+++ SUPPLIED ENTRIES +++

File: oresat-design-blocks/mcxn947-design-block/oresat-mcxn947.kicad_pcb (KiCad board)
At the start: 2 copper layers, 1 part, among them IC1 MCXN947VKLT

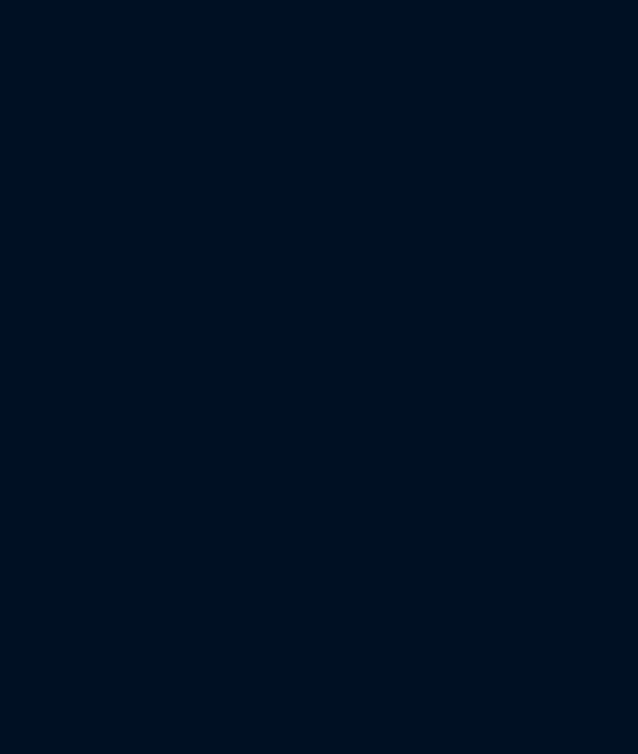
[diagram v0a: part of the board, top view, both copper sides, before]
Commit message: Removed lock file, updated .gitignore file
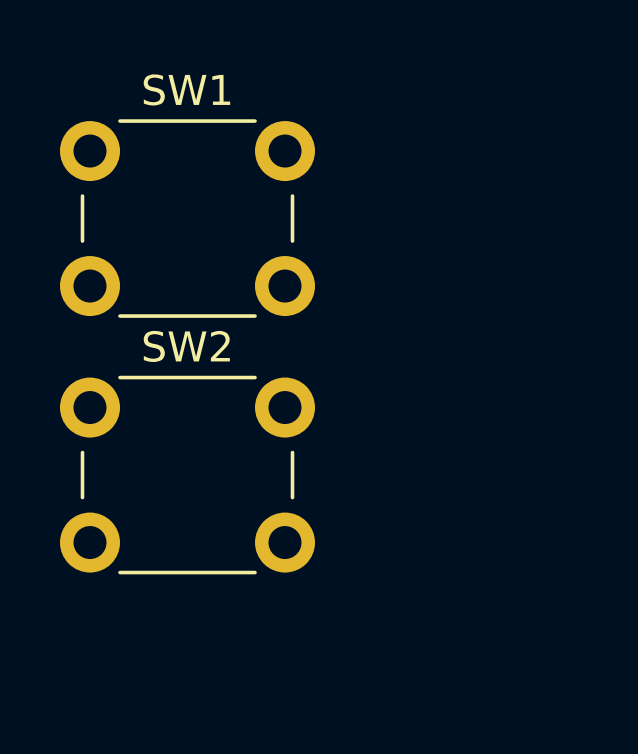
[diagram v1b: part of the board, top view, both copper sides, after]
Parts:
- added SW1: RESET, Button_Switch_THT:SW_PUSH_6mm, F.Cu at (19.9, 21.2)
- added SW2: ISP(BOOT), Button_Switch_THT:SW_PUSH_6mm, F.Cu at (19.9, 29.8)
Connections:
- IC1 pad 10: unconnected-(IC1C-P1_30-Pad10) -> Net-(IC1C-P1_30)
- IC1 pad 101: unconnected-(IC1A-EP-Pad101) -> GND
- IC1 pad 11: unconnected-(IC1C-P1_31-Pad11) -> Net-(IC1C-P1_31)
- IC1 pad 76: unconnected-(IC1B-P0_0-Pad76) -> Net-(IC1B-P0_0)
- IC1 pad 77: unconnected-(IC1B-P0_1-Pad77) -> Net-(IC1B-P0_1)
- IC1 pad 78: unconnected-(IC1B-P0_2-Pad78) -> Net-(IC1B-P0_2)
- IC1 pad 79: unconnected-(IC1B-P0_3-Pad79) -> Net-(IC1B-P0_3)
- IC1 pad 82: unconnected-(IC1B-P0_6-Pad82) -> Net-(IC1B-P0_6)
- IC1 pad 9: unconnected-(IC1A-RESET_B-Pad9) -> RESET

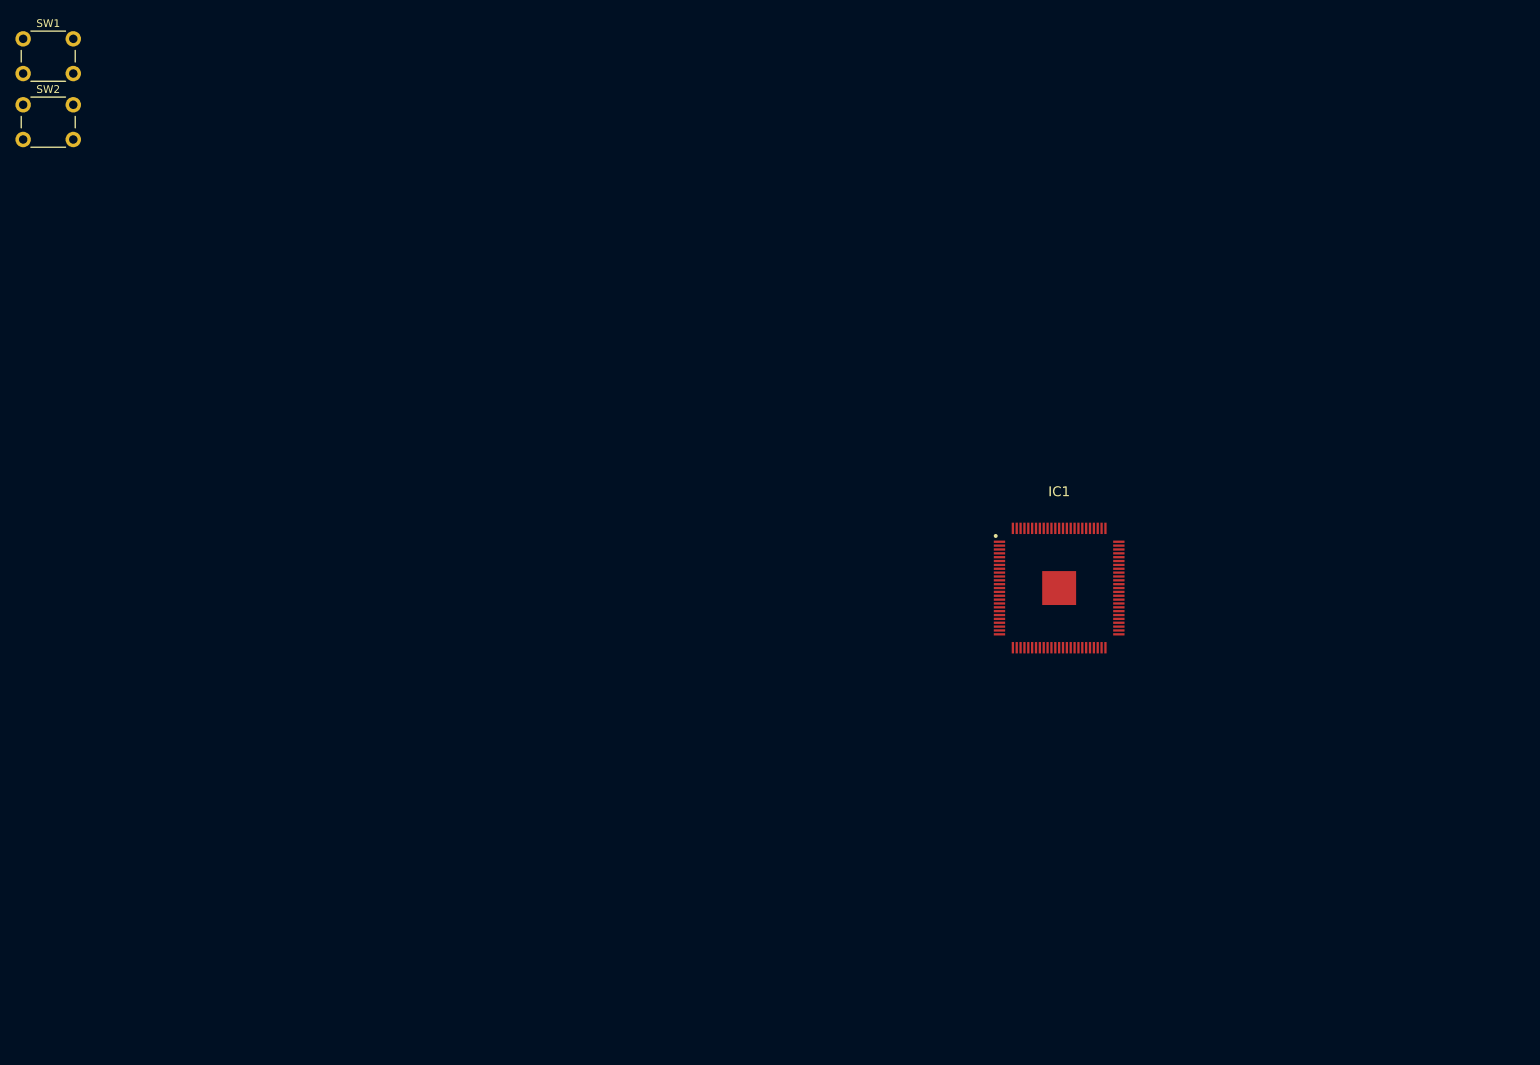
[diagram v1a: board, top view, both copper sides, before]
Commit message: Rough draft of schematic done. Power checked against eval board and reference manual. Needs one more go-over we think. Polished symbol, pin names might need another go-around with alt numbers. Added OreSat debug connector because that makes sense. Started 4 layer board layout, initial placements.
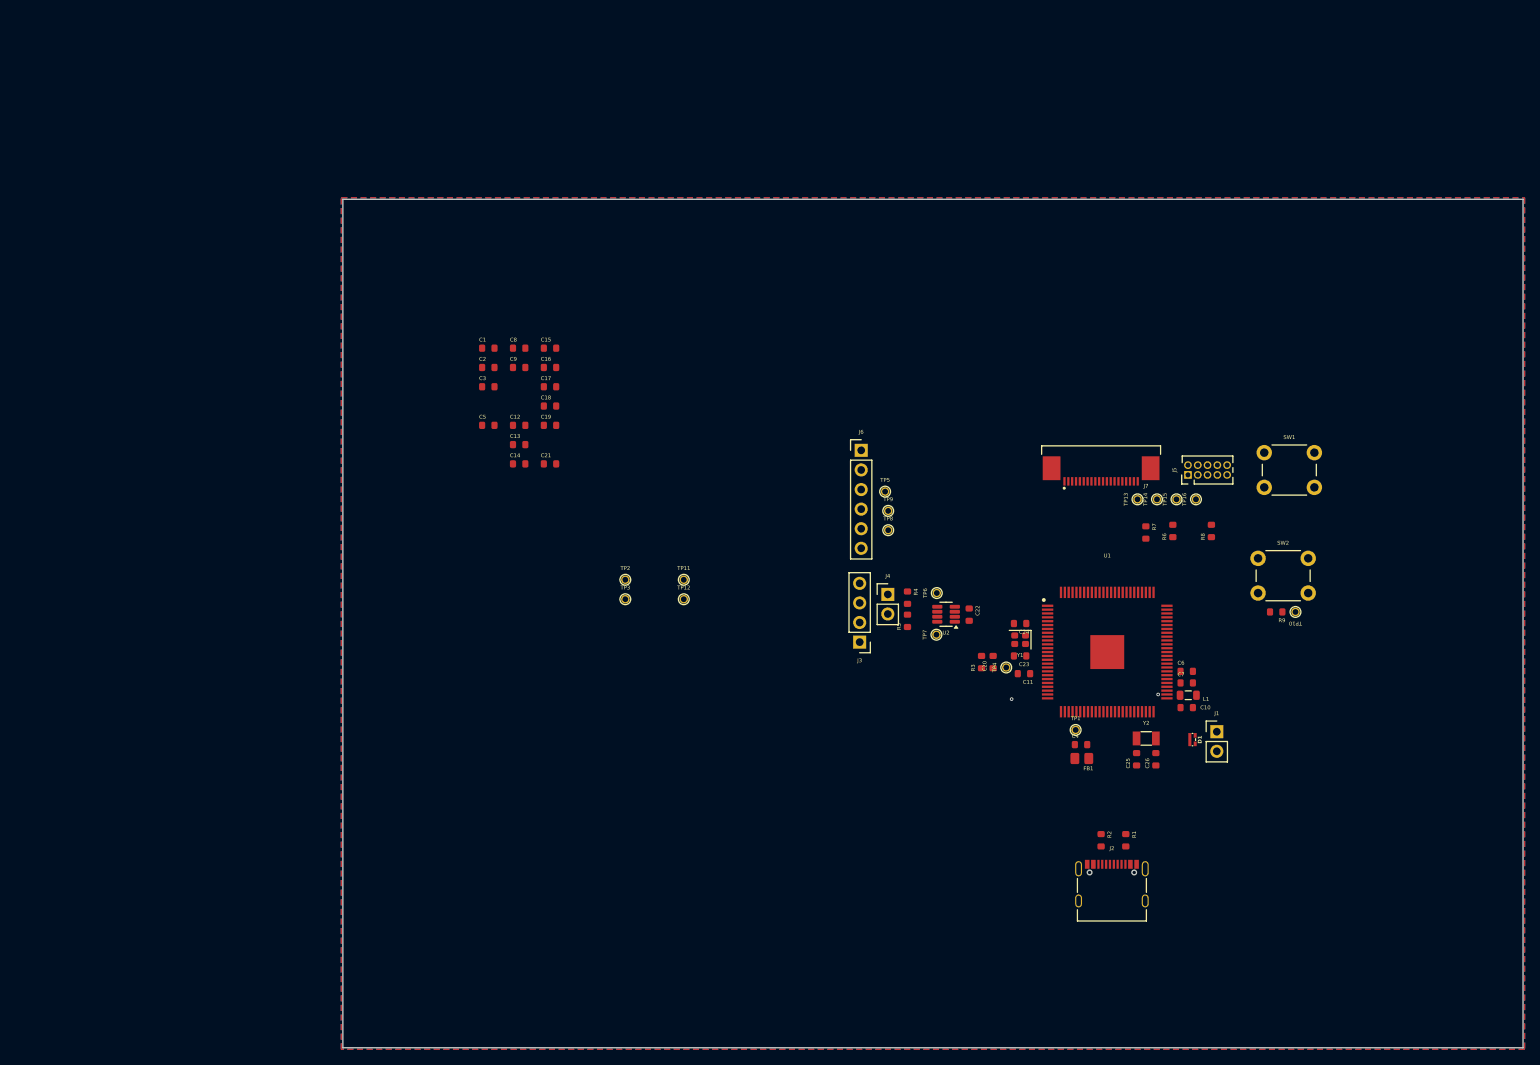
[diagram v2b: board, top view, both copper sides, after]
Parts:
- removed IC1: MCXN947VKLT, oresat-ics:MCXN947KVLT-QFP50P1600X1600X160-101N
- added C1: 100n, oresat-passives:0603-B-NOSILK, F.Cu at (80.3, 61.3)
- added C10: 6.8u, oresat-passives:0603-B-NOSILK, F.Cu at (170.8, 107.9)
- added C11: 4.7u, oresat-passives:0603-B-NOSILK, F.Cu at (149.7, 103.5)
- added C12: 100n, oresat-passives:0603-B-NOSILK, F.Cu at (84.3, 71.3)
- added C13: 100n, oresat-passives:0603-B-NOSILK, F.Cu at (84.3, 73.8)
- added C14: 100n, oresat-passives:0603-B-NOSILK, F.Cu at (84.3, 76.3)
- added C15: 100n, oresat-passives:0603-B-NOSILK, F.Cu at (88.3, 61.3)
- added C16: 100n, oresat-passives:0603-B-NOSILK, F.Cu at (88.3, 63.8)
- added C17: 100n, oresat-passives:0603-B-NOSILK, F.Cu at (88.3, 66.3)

+++

[WHAT TO WORK ON] Reproduce the records above from their first line to the line bearing "[diagram v1b: part", both ends included, leaving every picture out.

[OUTPUT BELOW]
File: oresat-design-blocks/mcxn947-design-block/oresat-mcxn947.kicad_pcb (KiCad board)
At the start: 2 copper layers, 1 part, among them IC1 MCXN947VKLT

[diagram v0a: part of the board, top view, both copper sides, before]
Commit message: Removed lock file, updated .gitignore file
[diagram v1b: part of the board, top view, both copper sides, after]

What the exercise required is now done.